/home/mj/research/collins/data/prepare-data/README

Mark Johnson, 14th August 2003

prepare-data is a C++ program used to prepare the data files
for discriminative training from Michael Collins' original files.

count-sentences.py is a Python program that counts the number of
sentences in a scored file (this is needed as an argument for
prepare-data).

write-collins-trees.py is a Python program that isn't used any
more.

--------------------------------------------------------------

Usage: prepare-data penn-wsj-regex nsentences collins-tree-command collins-score-command

where:
  penn-wsj-regex is a regular expression that expands to the names of
      the Penn WSJ treebank files,
  nsentences is the number of sentences in the data,
  collins-tree-command is a shell expression that writes Collins trees
      to stdout, and
  collins-score-command is a shell expression that writes Collins scores
      to stdout.

The combined data file is written to stdout.

Format of the output data:
=========================

The first line of the data is:

        <NSENTENCES>

which is the number of sentences in the data.

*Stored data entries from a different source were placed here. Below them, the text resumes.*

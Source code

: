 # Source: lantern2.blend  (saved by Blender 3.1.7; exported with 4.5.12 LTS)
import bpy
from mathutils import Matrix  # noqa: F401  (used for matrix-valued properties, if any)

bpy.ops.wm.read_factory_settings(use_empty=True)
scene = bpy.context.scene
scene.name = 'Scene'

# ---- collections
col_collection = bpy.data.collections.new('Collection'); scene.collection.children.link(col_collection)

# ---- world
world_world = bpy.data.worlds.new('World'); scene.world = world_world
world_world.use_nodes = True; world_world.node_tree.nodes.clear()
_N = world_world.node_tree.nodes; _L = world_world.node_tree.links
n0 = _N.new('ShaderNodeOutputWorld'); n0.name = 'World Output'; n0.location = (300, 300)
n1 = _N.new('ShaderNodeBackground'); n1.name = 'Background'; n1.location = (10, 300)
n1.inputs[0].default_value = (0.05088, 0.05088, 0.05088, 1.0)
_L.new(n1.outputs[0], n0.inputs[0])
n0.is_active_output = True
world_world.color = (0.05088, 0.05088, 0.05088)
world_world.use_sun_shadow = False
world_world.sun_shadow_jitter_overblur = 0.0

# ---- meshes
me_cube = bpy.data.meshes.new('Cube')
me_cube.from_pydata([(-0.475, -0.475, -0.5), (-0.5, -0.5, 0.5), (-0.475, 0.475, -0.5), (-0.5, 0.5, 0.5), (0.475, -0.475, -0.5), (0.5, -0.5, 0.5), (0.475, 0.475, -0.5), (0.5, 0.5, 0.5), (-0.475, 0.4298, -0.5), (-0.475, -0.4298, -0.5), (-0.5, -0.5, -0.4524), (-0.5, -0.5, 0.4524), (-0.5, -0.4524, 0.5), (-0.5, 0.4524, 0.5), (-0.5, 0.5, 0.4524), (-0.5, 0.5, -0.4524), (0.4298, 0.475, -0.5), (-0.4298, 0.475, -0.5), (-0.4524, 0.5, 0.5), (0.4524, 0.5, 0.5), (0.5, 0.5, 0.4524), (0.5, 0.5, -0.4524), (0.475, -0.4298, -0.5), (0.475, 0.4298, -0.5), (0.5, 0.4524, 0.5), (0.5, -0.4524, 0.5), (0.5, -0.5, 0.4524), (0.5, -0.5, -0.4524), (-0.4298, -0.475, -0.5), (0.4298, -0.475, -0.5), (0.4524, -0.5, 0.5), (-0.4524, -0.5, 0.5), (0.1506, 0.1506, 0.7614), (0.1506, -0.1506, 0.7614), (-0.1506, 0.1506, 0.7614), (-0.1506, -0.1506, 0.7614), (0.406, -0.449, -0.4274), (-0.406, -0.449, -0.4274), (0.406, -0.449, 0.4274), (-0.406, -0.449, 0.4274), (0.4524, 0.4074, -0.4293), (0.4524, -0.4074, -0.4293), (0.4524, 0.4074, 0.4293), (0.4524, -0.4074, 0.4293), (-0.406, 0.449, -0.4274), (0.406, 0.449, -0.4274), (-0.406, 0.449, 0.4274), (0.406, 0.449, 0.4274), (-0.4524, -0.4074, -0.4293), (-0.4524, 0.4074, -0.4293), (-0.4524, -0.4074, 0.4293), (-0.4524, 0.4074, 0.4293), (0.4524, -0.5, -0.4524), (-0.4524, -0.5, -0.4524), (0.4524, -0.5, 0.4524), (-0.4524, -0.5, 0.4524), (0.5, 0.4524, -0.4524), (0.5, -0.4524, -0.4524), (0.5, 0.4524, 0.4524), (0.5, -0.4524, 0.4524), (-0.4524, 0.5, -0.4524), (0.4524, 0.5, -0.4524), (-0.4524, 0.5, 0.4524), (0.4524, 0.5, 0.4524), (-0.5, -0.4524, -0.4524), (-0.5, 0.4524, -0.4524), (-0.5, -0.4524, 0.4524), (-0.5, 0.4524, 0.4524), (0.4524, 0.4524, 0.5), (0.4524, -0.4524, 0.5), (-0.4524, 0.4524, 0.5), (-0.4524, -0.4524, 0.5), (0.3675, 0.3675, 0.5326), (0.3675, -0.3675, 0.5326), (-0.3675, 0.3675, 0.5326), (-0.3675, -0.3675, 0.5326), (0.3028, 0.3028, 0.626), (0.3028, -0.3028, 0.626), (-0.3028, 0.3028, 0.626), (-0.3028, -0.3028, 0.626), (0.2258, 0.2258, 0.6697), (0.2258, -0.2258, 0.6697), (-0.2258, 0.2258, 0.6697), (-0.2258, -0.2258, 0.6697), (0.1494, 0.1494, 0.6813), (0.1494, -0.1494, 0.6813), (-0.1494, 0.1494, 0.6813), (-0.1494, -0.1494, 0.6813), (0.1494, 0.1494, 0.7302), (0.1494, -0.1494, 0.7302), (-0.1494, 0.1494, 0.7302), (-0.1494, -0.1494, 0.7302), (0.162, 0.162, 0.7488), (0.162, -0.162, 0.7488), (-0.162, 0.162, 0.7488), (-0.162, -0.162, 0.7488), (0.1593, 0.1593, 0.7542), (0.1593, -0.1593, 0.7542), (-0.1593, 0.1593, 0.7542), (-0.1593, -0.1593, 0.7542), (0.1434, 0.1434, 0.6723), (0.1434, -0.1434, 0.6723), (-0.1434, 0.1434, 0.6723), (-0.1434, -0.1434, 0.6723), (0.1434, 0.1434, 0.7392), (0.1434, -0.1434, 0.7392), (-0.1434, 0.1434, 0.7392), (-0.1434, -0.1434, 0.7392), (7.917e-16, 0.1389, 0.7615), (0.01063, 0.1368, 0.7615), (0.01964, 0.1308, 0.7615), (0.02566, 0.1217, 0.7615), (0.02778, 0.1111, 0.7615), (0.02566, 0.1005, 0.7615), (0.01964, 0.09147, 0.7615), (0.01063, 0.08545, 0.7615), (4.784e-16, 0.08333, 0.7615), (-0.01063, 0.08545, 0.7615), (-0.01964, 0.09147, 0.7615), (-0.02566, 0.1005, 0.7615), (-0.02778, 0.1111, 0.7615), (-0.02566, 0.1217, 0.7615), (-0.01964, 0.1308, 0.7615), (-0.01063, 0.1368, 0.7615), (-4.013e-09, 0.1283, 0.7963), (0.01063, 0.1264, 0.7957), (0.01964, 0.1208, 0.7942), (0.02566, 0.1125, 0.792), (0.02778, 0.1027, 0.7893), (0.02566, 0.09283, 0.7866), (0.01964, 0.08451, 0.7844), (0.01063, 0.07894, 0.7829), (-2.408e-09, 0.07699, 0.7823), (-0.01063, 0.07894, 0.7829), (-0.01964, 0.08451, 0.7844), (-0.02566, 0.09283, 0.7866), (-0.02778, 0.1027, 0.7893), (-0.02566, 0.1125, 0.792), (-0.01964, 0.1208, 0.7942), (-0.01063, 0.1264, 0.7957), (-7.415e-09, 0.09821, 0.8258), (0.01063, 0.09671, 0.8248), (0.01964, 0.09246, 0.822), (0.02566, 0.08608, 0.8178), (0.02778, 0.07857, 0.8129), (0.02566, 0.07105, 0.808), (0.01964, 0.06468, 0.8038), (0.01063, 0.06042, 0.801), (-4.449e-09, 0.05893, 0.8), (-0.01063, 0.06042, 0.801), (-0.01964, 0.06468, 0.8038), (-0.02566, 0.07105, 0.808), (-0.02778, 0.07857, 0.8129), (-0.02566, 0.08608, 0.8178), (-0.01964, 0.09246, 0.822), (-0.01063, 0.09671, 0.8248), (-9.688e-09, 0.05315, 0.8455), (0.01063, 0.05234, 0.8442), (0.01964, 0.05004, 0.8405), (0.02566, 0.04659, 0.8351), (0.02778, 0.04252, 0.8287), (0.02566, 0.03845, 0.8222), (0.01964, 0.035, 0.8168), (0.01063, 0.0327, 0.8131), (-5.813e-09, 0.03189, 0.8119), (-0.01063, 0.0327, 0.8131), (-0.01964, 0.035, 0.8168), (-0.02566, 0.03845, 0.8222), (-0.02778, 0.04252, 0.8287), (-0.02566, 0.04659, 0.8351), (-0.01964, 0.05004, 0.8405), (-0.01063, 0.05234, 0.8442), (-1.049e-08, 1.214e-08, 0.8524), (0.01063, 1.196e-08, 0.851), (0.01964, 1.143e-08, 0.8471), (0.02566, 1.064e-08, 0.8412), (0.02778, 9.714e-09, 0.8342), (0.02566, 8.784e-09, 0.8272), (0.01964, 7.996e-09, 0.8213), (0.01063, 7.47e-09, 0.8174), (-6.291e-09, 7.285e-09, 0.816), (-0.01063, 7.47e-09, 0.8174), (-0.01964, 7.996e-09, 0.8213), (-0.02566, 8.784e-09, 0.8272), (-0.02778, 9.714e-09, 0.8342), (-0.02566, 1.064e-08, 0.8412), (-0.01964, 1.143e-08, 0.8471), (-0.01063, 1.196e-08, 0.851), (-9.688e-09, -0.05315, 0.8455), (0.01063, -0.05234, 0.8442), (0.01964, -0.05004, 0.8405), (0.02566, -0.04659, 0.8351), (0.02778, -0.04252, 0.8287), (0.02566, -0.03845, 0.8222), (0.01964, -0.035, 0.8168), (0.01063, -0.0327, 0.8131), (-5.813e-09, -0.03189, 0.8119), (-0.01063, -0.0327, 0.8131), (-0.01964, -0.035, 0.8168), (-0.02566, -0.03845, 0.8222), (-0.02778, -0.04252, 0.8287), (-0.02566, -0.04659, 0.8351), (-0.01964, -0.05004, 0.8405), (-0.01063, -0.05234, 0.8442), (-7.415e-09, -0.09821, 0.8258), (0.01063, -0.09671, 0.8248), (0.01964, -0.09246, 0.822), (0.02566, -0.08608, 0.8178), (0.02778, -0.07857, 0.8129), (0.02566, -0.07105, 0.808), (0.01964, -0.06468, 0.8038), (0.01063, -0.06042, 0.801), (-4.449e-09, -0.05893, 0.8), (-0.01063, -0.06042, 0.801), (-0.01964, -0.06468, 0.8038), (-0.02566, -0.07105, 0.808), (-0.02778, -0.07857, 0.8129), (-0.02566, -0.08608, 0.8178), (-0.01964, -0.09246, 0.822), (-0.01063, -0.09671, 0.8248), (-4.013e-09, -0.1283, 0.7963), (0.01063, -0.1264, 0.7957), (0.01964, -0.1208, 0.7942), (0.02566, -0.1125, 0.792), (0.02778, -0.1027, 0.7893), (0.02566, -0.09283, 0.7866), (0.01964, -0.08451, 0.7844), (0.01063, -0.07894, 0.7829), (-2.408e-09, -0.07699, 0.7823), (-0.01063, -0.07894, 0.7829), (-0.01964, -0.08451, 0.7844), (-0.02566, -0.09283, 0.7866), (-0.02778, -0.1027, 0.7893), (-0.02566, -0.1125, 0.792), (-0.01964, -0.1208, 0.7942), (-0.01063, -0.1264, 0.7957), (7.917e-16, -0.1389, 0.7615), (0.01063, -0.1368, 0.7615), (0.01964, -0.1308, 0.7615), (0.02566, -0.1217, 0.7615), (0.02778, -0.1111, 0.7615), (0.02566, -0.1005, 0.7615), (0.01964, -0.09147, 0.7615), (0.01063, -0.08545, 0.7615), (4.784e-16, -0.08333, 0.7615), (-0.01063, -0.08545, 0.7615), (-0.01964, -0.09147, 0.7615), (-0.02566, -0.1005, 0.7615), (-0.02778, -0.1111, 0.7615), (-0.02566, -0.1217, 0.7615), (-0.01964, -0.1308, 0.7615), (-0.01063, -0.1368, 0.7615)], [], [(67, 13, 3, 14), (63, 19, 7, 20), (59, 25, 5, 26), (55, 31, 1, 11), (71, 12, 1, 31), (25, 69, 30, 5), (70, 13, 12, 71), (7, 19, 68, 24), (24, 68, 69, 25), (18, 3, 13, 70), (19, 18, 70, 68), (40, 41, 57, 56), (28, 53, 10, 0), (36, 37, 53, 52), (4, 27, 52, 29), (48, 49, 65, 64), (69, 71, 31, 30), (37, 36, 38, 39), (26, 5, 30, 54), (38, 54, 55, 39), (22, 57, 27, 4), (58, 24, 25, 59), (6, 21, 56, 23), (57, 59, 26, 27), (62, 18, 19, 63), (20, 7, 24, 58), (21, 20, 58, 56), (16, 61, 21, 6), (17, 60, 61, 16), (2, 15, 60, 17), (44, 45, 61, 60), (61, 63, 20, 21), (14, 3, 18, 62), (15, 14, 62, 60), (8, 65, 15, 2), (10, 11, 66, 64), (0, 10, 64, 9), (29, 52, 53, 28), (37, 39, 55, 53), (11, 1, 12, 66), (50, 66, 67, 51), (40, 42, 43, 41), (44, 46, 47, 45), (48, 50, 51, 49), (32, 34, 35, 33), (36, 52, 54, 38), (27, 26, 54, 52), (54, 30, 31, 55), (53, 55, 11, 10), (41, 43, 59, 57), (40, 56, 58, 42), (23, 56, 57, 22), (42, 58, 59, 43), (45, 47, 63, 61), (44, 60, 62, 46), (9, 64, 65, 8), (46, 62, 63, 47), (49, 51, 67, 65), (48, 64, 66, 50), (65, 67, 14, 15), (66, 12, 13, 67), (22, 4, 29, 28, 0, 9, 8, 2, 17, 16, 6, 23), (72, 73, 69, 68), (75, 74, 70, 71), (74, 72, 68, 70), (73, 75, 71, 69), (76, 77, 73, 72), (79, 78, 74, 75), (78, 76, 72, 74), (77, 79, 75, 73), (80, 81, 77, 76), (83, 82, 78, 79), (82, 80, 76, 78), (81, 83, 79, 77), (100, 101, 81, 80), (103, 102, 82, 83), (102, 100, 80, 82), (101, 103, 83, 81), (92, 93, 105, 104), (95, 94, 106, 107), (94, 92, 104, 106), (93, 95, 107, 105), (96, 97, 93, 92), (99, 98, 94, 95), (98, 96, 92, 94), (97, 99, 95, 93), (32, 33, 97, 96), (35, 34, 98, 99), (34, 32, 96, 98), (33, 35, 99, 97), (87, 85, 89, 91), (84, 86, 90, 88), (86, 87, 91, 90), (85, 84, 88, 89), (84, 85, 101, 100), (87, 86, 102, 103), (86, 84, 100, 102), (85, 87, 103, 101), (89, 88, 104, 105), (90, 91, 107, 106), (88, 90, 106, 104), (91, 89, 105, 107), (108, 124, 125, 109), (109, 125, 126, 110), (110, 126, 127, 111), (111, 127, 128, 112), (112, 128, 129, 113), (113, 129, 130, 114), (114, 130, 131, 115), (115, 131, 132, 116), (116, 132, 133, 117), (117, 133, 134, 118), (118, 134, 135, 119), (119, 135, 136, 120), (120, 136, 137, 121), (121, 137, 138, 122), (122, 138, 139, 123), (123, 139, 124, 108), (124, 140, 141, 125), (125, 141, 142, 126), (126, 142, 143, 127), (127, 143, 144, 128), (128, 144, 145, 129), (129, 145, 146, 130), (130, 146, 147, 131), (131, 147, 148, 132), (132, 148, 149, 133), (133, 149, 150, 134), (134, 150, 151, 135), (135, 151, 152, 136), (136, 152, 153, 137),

The rest of the data consists of a sequence of blocks, one per
sentence.  Each sentence block begins with a line of the form:

        <NPARSES> <GOLDTREE>

where:

        <NPARSES> is the number of parses,
        <GOLDTREE> is the treebank tree.

This is followed by <NPARSES> lines, one for each parse, of the form:

        <LOGPROB> <PARSETREE>

where:

        <LOGPROB> is the log probability of the parse,
        <PARSETREE> is the parse tree.